奥泉光と太平洋戦争

石の来歴 浪漫的な行軍の記録 (講談社文芸文庫)

石の来歴 浪漫的な行軍の記録 (講談社文芸文庫)

「浪漫的な行軍の記録」の方が力作だ。退屈による苦痛で途中投げ出しかけたが、小説は最後まで読んでみないとわからないものである。太平洋戦争下のフィリピンにおける、流浪する日本軍が主題で、絶望的で幻覚的な行軍の様子がしつこく延々と描写されるのであるが、しつこさもここまでいくと感嘆に変わらざるを得ない。過去と現在は交錯するのだが、しかし、途中で湾岸戦争を引っ張り出してきたのは、どうだろうか。却って余分だったかもしれない。とは云っても、全体的に力技である。
 「石の来歴」の方は、雰囲気は「浪漫的な…」に似ているが、まだ未熟な感じがする。
 いずれの作にせよ、太平洋戦争と現代とを繋ぎたいという、作者の意図は見える。

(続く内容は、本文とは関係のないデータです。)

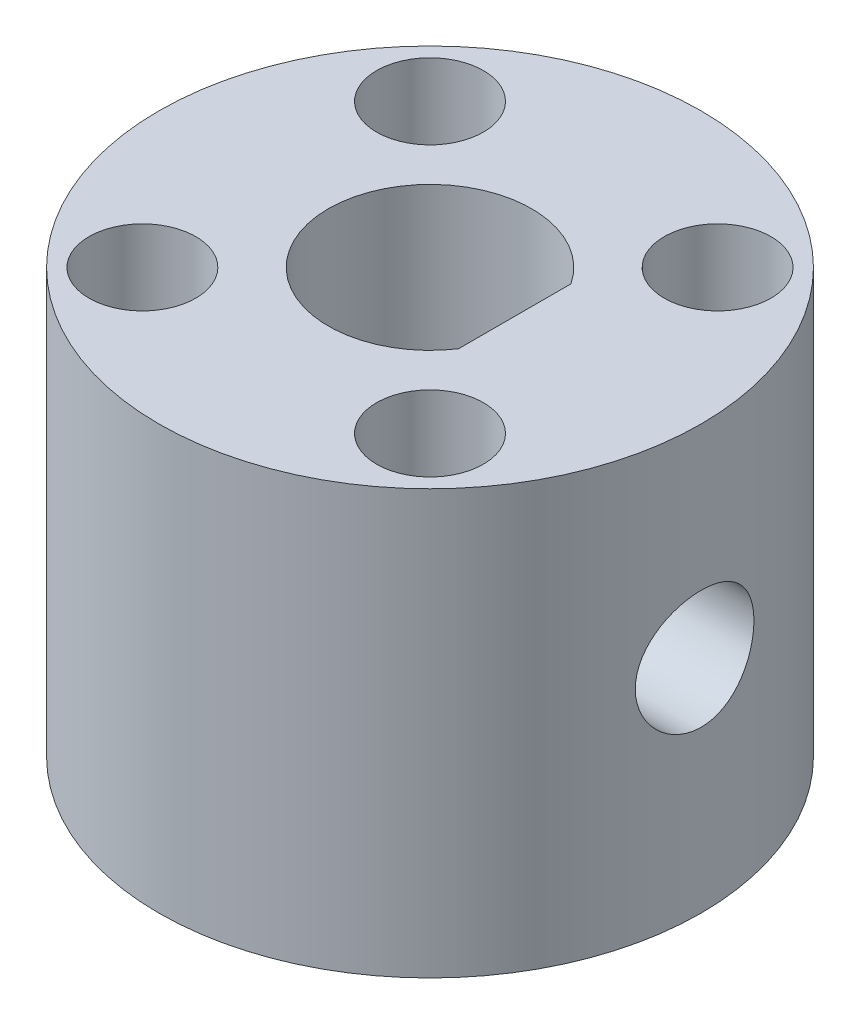
ISO-10303-21;
HEADER;
FILE_DESCRIPTION(('STEP AP214'),'2;1');
FILE_NAME('part.step','',(''),(''),'','','');
FILE_SCHEMA(('AUTOMOTIVE_DESIGN { 1 0 10303 214 1 1 1 1 }'));
ENDSEC;
DATA;
#1=APPLICATION_CONTEXT('core data for automotive mechanical design processes');
#2=APPLICATION_PROTOCOL_DEFINITION('international standard','automotive_design',2000,#1);
#3=PRODUCT_CONTEXT('',#1,'mechanical');
#4=PRODUCT('Part','Part','',(#3));
#5=PRODUCT_RELATED_PRODUCT_CATEGORY('part','',(#4));
#6=PRODUCT_DEFINITION_FORMATION('','',#4);
#7=PRODUCT_DEFINITION_CONTEXT('part definition',#1,'design');
#8=PRODUCT_DEFINITION('design','',#6,#7);
#9=PRODUCT_DEFINITION_SHAPE('','',#8);
#10=(LENGTH_UNIT() NAMED_UNIT(*) SI_UNIT(.MILLI.,.METRE.));
#11=(NAMED_UNIT(*) PLANE_ANGLE_UNIT() SI_UNIT($,.RADIAN.));
#12=(NAMED_UNIT(*) SI_UNIT($,.STERADIAN.) SOLID_ANGLE_UNIT());
#13=UNCERTAINTY_MEASURE_WITH_UNIT(LENGTH_MEASURE(1.E-05),#10,'distance_accuracy_value','');
#14=(GEOMETRIC_REPRESENTATION_CONTEXT(3) GLOBAL_UNCERTAINTY_ASSIGNED_CONTEXT((#13)) GLOBAL_UNIT_ASSIGNED_CONTEXT((#10,
#11,#12)) REPRESENTATION_CONTEXT('',''));
#15=CARTESIAN_POINT('',(0.,0.,0.));
#16=DIRECTION('',(0.,0.,1.));
#17=DIRECTION('',(1.,0.,0.));
#18=AXIS2_PLACEMENT_3D('',#15,#16,#17);
#19=CARTESIAN_POINT('',(2.5,12.5,-1.6583123951777));
#20=DIRECTION('',(-1.,0.,0.));
#21=DIRECTION('',(0.,0.,1.));
#22=AXIS2_PLACEMENT_3D('',#19,#20,#21);
#23=PLANE('',#22);
#24=CARTESIAN_POINT('',(2.5,6.5,0.));
#25=DIRECTION('',(-1.,0.,0.));
#26=DIRECTION('',(0.,0.,1.));
#27=AXIS2_PLACEMENT_3D('',#24,#25,#26);
#28=CIRCLE('',#27,1.75);
#29=CARTESIAN_POINT('',(2.5,7.05901699437495,1.6583123951777));
#30=VERTEX_POINT('',#29);
#31=CARTESIAN_POINT('',(2.5,7.05901699437495,-1.6583123951777));
#32=VERTEX_POINT('',#31);
#33=EDGE_CURVE('E96',#30,#32,#28,.T.);
#34=ORIENTED_EDGE('',*,*,#33,.F.);
#35=DIRECTION('',(0.,-1.,0.));
#36=VECTOR('',#35,1.);
#37=CARTESIAN_POINT('',(2.5,12.5,1.6583123951777));
#38=LINE('',#37,#36);
#39=CARTESIAN_POINT('',(2.5,12.5,1.6583123951777));
#40=VERTEX_POINT('',#39);
#41=EDGE_CURVE('E67',#40,#30,#38,.T.);
#42=ORIENTED_EDGE('',*,*,#41,.F.);
#43=DIRECTION('',(0.,0.,-1.));
#44=VECTOR('',#43,1.);
#45=CARTESIAN_POINT('',(2.5,12.5,-1.6583123951777));
#46=LINE('',#45,#44);
#47=CARTESIAN_POINT('',(2.5,12.5,-1.6583123951777));
#48=VERTEX_POINT('',#47);
#49=EDGE_CURVE('E128',#40,#48,#46,.T.);
#50=ORIENTED_EDGE('',*,*,#49,.T.);
#51=DIRECTION('',(0.,-1.,0.));
#52=VECTOR('',#51,1.);
#53=CARTESIAN_POINT('',(2.5,12.5,-1.6583123951777));
#54=LINE('',#53,#52);
#55=EDGE_CURVE('E104',#48,#32,#54,.T.);
#56=ORIENTED_EDGE('',*,*,#55,.T.);
#57=EDGE_LOOP('',(#34,#42,#50,#56));
#58=FACE_BOUND('',#57,.T.);
#59=ADVANCED_FACE('F43',(#58),#23,.T.);
#60=CARTESIAN_POINT('',(0.,12.5,0.));
#61=DIRECTION('',(0.,1.,0.));
#62=DIRECTION('',(0.,0.,1.));
#63=AXIS2_PLACEMENT_3D('',#60,#61,#62);
#64=PLANE('',#63);
#65=CARTESIAN_POINT('',(-4.24264068711904,12.5,4.24264068711953));
#66=DIRECTION('',(0.,1.,0.));
#67=DIRECTION('',(0.,0.,1.));
#68=AXIS2_PLACEMENT_3D('',#65,#66,#67);
#69=CIRCLE('',#68,1.575);
#70=CARTESIAN_POINT('',(-4.24264068711904,12.5,5.81764068711953));
#71=VERTEX_POINT('',#70);
#72=EDGE_CURVE('E141',#71,#71,#69,.T.);
#73=ORIENTED_EDGE('',*,*,#72,.F.);
#74=EDGE_LOOP('',(#73));
#75=FACE_BOUND('',#74,.T.);
#76=CARTESIAN_POINT('',(4.24264068711928,12.5,-4.24264068711929));
#77=DIRECTION('',(0.,1.,0.));
#78=DIRECTION('',(0.,0.,1.));
#79=AXIS2_PLACEMENT_3D('',#76,#77,#78);
#80=CIRCLE('',#79,1.575);
#81=CARTESIAN_POINT('',(4.24264068711928,12.5,-2.66764068711929));
#82=VERTEX_POINT('',#81);
#83=EDGE_CURVE('E295',#82,#82,#80,.T.);
#84=ORIENTED_EDGE('',*,*,#83,.F.);
#85=EDGE_LOOP('',(#84));
#86=FACE_BOUND('',#85,.T.);
#87=CARTESIAN_POINT('',(0.,12.5,0.));
#88=DIRECTION('',(0.,1.,0.));
#89=DIRECTION('',(0.,0.,1.));
#90=AXIS2_PLACEMENT_3D('',#87,#88,#89);
#91=CIRCLE('',#90,8.);
#92=CARTESIAN_POINT('',(0.,12.5,8.));
#93=VERTEX_POINT('',#92);
#94=EDGE_CURVE('E53',#93,#93,#91,.T.);
#95=ORIENTED_EDGE('',*,*,#94,.T.);
#96=EDGE_LOOP('',(#95));
#97=FACE_BOUND('',#96,.T.);
#98=CARTESIAN_POINT('',(4.24264068711953,12.5,4.24264068711928));
#99=DIRECTION('',(0.,1.,0.));
#100=DIRECTION('',(0.,0.,1.));
#101=AXIS2_PLACEMENT_3D('',#98,#99,#100);
#102=CIRCLE('',#101,1.575);
#103=CARTESIAN_POINT('',(4.24264068711953,12.5,5.81764068711928));
#104=VERTEX_POINT('',#103);
#105=EDGE_CURVE('E116',#104,#104,#102,.T.);
#106=ORIENTED_EDGE('',*,*,#105,.F.);
#107=EDGE_LOOP('',(#106));
#108=FACE_BOUND('',#107,.T.);
#109=ORIENTED_EDGE('',*,*,#49,.F.);
#110=CARTESIAN_POINT('',(0.,12.5,0.));
#111=DIRECTION('',(0.,1.,0.));
#112=DIRECTION('',(0.,0.,1.));
#113=AXIS2_PLACEMENT_3D('',#110,#111,#112);
#114=CIRCLE('',#113,3.);
#115=EDGE_CURVE('E110',#48,#40,#114,.T.);
#116=ORIENTED_EDGE('',*,*,#115,.F.);
#117=EDGE_LOOP('',(#109,#116));
#118=FACE_BOUND('',#117,.T.);
#119=CARTESIAN_POINT('',(-4.24264068711929,12.5,-4.24264068711904));
#120=DIRECTION('',(0.,1.,0.));
#121=DIRECTION('',(0.,0.,1.));
#122=AXIS2_PLACEMENT_3D('',#119,#120,#121);
#123=CIRCLE('',#122,1.575);
#124=CARTESIAN_POINT('',(-4.24264068711929,12.5,-2.66764068711904));
#125=VERTEX_POINT('',#124);
#126=EDGE_CURVE('E160',#125,#125,#123,.T.);
#127=ORIENTED_EDGE('',*,*,#126,.F.);
#128=EDGE_LOOP('',(#127));
#129=FACE_BOUND('',#128,.T.);
#130=ADVANCED_FACE('F186',(#75,#86,#97,#108,#118,#129),#64,.T.);
#131=CARTESIAN_POINT('',(0.,0.,0.));
#132=DIRECTION('',(0.,1.,0.));
#133=DIRECTION('',(0.,0.,1.));
#134=AXIS2_PLACEMENT_3D('',#131,#132,#133);
#135=PLANE('',#134);
#136=CARTESIAN_POINT('',(4.24264068711953,0.,4.24264068711928));
#137=DIRECTION('',(0.,1.,0.));
#138=DIRECTION('',(0.,0.,1.));
#139=AXIS2_PLACEMENT_3D('',#136,#137,#138);
#140=CIRCLE('',#139,1.575);
#141=CARTESIAN_POINT('',(4.24264068711953,0.,5.81764068711928));
#142=VERTEX_POINT('',#141);
#143=EDGE_CURVE('E113',#142,#142,#140,.T.);
#144=ORIENTED_EDGE('',*,*,#143,.T.);
#145=EDGE_LOOP('',(#144));
#146=FACE_BOUND('',#145,.T.);
#147=CARTESIAN_POINT('',(4.24264068711928,0.,-4.24264068711929));
#148=DIRECTION('',(0.,1.,0.));
#149=DIRECTION('',(0.,0.,1.));
#150=AXIS2_PLACEMENT_3D('',#147,#148,#149);
#151=CIRCLE('',#150,1.575);
#152=CARTESIAN_POINT('',(4.24264068711928,0.,-2.66764068711929));
#153=VERTEX_POINT('',#152);
#154=EDGE_CURVE('E289',#153,#153,#151,.T.);
#155=ORIENTED_EDGE('',*,*,#154,.T.);
#156=EDGE_LOOP('',(#155));
#157=FACE_BOUND('',#156,.T.);
#158=CARTESIAN_POINT('',(0.,0.,0.));
#159=DIRECTION('',(0.,1.,0.));
#160=DIRECTION('',(0.,0.,1.));
#161=AXIS2_PLACEMENT_3D('',#158,#159,#160);
#162=CIRCLE('',#161,8.);
#163=CARTESIAN_POINT('',(0.,0.,8.));
#164=VERTEX_POINT('',#163);
#165=EDGE_CURVE('E292',#164,#164,#162,.T.);
#166=ORIENTED_EDGE('',*,*,#165,.F.);
#167=EDGE_LOOP('',(#166));
#168=FACE_BOUND('',#167,.T.);
#169=CARTESIAN_POINT('',(0.,0.,0.));
#170=DIRECTION('',(0.,1.,0.));
#171=DIRECTION('',(0.,0.,1.));
#172=AXIS2_PLACEMENT_3D('',#169,#170,#171);
#173=CIRCLE('',#172,3.);
#174=CARTESIAN_POINT('',(2.5,0.,-1.6583123951777));
#175=VERTEX_POINT('',#174);
#176=CARTESIAN_POINT('',(2.5,0.,1.6583123951777));
#177=VERTEX_POINT('',#176);
#178=EDGE_CURVE('E138',#175,#177,#173,.T.);
#179=ORIENTED_EDGE('',*,*,#178,.T.);
#180=DIRECTION('',(0.,0.,-1.));
#181=VECTOR('',#180,1.);
#182=CARTESIAN_POINT('',(2.5,0.,-1.6583123951777));
#183=LINE('',#182,#181);
#184=EDGE_CURVE('E134',#177,#175,#183,.T.);
#185=ORIENTED_EDGE('',*,*,#184,.T.);
#186=EDGE_LOOP('',(#179,#185));
#187=FACE_BOUND('',#186,.T.);
#188=CARTESIAN_POINT('',(-4.24264068711904,0.,4.24264068711953));
#189=DIRECTION('',(0.,1.,0.));
#190=DIRECTION('',(0.,0.,1.));
#191=AXIS2_PLACEMENT_3D('',#188,#189,#190);
#192=CIRCLE('',#191,1.575);
#193=CARTESIAN_POINT('',(-4.24264068711904,0.,5.81764068711953));
#194=VERTEX_POINT('',#193);
#195=EDGE_CURVE('E314',#194,#194,#192,.T.);
#196=ORIENTED_EDGE('',*,*,#195,.T.);
#197=EDGE_LOOP('',(#196));
#198=FACE_BOUND('',#197,.T.);
#199=CARTESIAN_POINT('',(-4.24264068711929,0.,-4.24264068711904));
#200=DIRECTION('',(0.,1.,0.));
#201=DIRECTION('',(0.,0.,1.));
#202=AXIS2_PLACEMENT_3D('',#199,#200,#201);
#203=CIRCLE('',#202,1.575);
#204=CARTESIAN_POINT('',(-4.24264068711929,0.,-2.66764068711904));
#205=VERTEX_POINT('',#204);
#206=EDGE_CURVE('E159',#205,#205,#203,.T.);
#207=ORIENTED_EDGE('',*,*,#206,.T.);
#208=EDGE_LOOP('',(#207));
#209=FACE_BOUND('',#208,.T.);
#210=ADVANCED_FACE('F145',(#146,#157,#168,#187,#198,#209),#135,.F.);
#211=CARTESIAN_POINT('',(0.,12.5,0.));
#212=DIRECTION('',(0.,-1.,0.));
#213=DIRECTION('',(0.,0.,-1.));
#214=AXIS2_PLACEMENT_3D('',#211,#212,#213);
#215=CYLINDRICAL_SURFACE('',#214,8.);
#216=CARTESIAN_POINT('',(7.806247497998,6.5,1.75));
#217=CARTESIAN_POINT('',(7.80624945905135,6.5970280134328,1.74999666332348));
#218=CARTESIAN_POINT('',(7.80807622046454,6.69409613131077,1.74190303951004));
#219=CARTESIAN_POINT('',(7.81517245186505,6.88547190452197,1.70977784205172));
#220=CARTESIAN_POINT('',(7.82044441049014,6.9797775128667,1.68573474711853));
#221=CARTESIAN_POINT('',(7.83380603690741,7.16283224840003,1.62250390010279));
#222=CARTESIAN_POINT('',(7.84189261163066,7.25158734942516,1.58333276753284));
#223=CARTESIAN_POINT('',(7.85996859341366,7.42126808384546,1.49100532370988));
#224=CARTESIAN_POINT('',(7.86995796134536,7.50219387818681,1.43784930002628));
#225=CARTESIAN_POINT('',(7.89090255292062,7.65528746219411,1.31810359988612));
#226=CARTESIAN_POINT('',(7.9018701337505,7.72730370192507,1.25132229635412));
#227=CARTESIAN_POINT('',(7.92342719705843,7.85920661250848,1.10663537787889));
#228=CARTESIAN_POINT('',(7.93401665008983,7.91909234038854,1.02872889891566));
#229=CARTESIAN_POINT('',(7.95375888221752,8.02563376766824,0.862987032725175));
#230=CARTESIAN_POINT('',(7.96289538073787,8.07214370475895,0.775055841165997));
#231=CARTESIAN_POINT('',(7.97856268454442,8.14967026302601,0.592392423905255));
#232=CARTESIAN_POINT('',(7.98509378226925,8.18068862312565,0.497660962897147));
#233=CARTESIAN_POINT('',(7.99472708358188,8.2258748825834,0.305661830671521));
#234=CARTESIAN_POINT('',(7.99788142586321,8.24029926939322,0.208457182926348));
#235=CARTESIAN_POINT('',(8.0005864524206,8.25269005951142,0.0129599543265384));
#236=CARTESIAN_POINT('',(8.0001375490446,8.25065834602135,-0.0853325007561179));
#237=CARTESIAN_POINT('',(7.99572650969379,8.23038562955477,-0.278447020872957));
#238=CARTESIAN_POINT('',(7.99182429717546,8.21242108892483,-0.373299678484486));
#239=CARTESIAN_POINT('',(7.98101337797756,8.1612332198815,-0.558610512900447));
#240=CARTESIAN_POINT('',(7.97410453534111,8.12800920144575,-0.649068490776132));
#241=CARTESIAN_POINT('',(7.95796028660624,8.0470009519331,-0.823789626976182));
#242=CARTESIAN_POINT('',(7.94870822179818,7.99911193007744,-0.908002597477633));
#243=CARTESIAN_POINT('',(7.92889198192016,7.89021121300223,-1.0672978291922));
#244=CARTESIAN_POINT('',(7.91832762815045,7.82919772974151,-1.14237884410839));
#245=CARTESIAN_POINT('',(7.89678896628589,7.69427494914098,-1.2829231189912));
#246=CARTESIAN_POINT('',(7.88581070205046,7.62012369439249,-1.34815369731024));
#247=CARTESIAN_POINT('',(7.86488750618514,7.46182107960562,-1.46529720114584));
#248=CARTESIAN_POINT('',(7.85494260258143,7.37766944847562,-1.51720976551523));
#249=CARTESIAN_POINT('',(7.83720169317003,7.20137855391294,-1.6063470980224));
#250=CARTESIAN_POINT('',(7.82941214351679,7.10921635629231,-1.64352787918374));
#251=CARTESIAN_POINT('',(7.81695337423894,6.91974131726177,-1.7018041084034));
#252=CARTESIAN_POINT('',(7.81228365953274,6.82242929571543,-1.72290210868729));
#253=CARTESIAN_POINT('',(7.80669425421976,6.6275430724976,-1.74805293703087));
#254=CARTESIAN_POINT('',(7.8057000358533,6.5300146817394,-1.75244457285897));
#255=CARTESIAN_POINT('',(7.80737314858982,6.3356192963787,-1.74497530075208));
#256=CARTESIAN_POINT('',(7.81004022809689,6.23875225678935,-1.73311550957759));
#257=CARTESIAN_POINT('',(7.81866504603975,6.04960908479507,-1.69377399635069));
#258=CARTESIAN_POINT('',(7.82458345002008,5.95729217598327,-1.66647889658488));
#259=CARTESIAN_POINT('',(7.83900857622703,5.7785420299274,-1.59724364761113));
#260=CARTESIAN_POINT('',(7.84751554623324,5.69210935689667,-1.55530209637649));
#261=CARTESIAN_POINT('',(7.86632301994175,5.52611502156563,-1.45721807999334));
#262=CARTESIAN_POINT('',(7.87664912166245,5.44667964078173,-1.40086690882525));
#263=CARTESIAN_POINT('',(7.89786385707838,5.29826831630606,-1.27583634037906));
#264=CARTESIAN_POINT('',(7.90875256052719,5.22929367376997,-1.20715541178423));
#265=CARTESIAN_POINT('',(7.93011129182084,5.10244662987705,-1.05788176090421));
#266=CARTESIAN_POINT('',(7.94056972743614,5.04480521977106,-0.977090811057815));
#267=CARTESIAN_POINT('',(7.95967616453578,4.94391275727052,-0.806775937992834));
#268=CARTESIAN_POINT('',(7.96832425057138,4.900661032759,-0.717252422909713));
#269=CARTESIAN_POINT('',(7.98278670652031,4.83009735306519,-0.532571442115365));
#270=CARTESIAN_POINT('',(7.98861898874485,4.80268441612702,-0.437454026381446));
#271=CARTESIAN_POINT('',(7.99687014437095,4.7642611388551,-0.243822113274709));
#272=CARTESIAN_POINT('',(7.99928951409338,4.75324841351692,-0.145308111983489));
#273=CARTESIAN_POINT('',(8.00042750683747,4.74804542172717,0.0501276775760973));
#274=CARTESIAN_POINT('',(7.99922200056368,4.75351027681963,0.147040003201597));
#275=CARTESIAN_POINT('',(7.99340825361615,4.78033588259217,0.338529305331091));
#276=CARTESIAN_POINT('',(7.98880007413318,4.8016963474192,0.433106323799652));
#277=CARTESIAN_POINT('',(7.97670437671938,4.85954154393653,0.616973514243788));
#278=CARTESIAN_POINT('',(7.96922617829729,4.89597735265226,0.706279729669992));
#279=CARTESIAN_POINT('',(7.95218899565129,4.98289125993948,0.877557024231171));
#280=CARTESIAN_POINT('',(7.94262980942251,5.03337072188345,0.959527390172563));
#281=CARTESIAN_POINT('',(7.92224687676354,5.14806349215517,1.11548832576446));
#282=CARTESIAN_POINT('',(7.91140257019292,5.21251931550726,1.18929788040884));
#283=CARTESIAN_POINT('',(7.88978238696403,5.35284600036101,1.32517104073326));
#284=CARTESIAN_POINT('',(7.87900652743123,5.42871960976419,1.38723181070999));
#285=CARTESIAN_POINT('',(7.85858267483524,5.5909483927375,1.4986453367496));
#286=CARTESIAN_POINT('',(7.84895169360709,5.67743017770953,1.54781703198666));
#287=CARTESIAN_POINT('',(7.83212199429224,5.85762202329952,1.63085060859479));
#288=CARTESIAN_POINT('',(7.82492121927565,5.95132588819277,1.66472544549927));
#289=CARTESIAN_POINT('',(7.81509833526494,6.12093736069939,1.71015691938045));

現代にあろうと、我々(日本人)はみな死人(シビト)だ、というのは、言いたいことはわかるが、やはり一面的な見方であり、シニシズムであろう。まわりの人間は生きていないが、自分は違う、そして現状は絶望的だ、という含意が、どうしても出てきてしまう。我々は精神的に貧しい事実は認めて、それを何とか脱却しようとするしかないのではないか。少なくとも自分は、自虐のつもりではなく、常に自分の貧しさに驚き続けている。それはよくわかっているから、醜い自画像をいまさら見せつけられても、何ともリアクションに困るのである。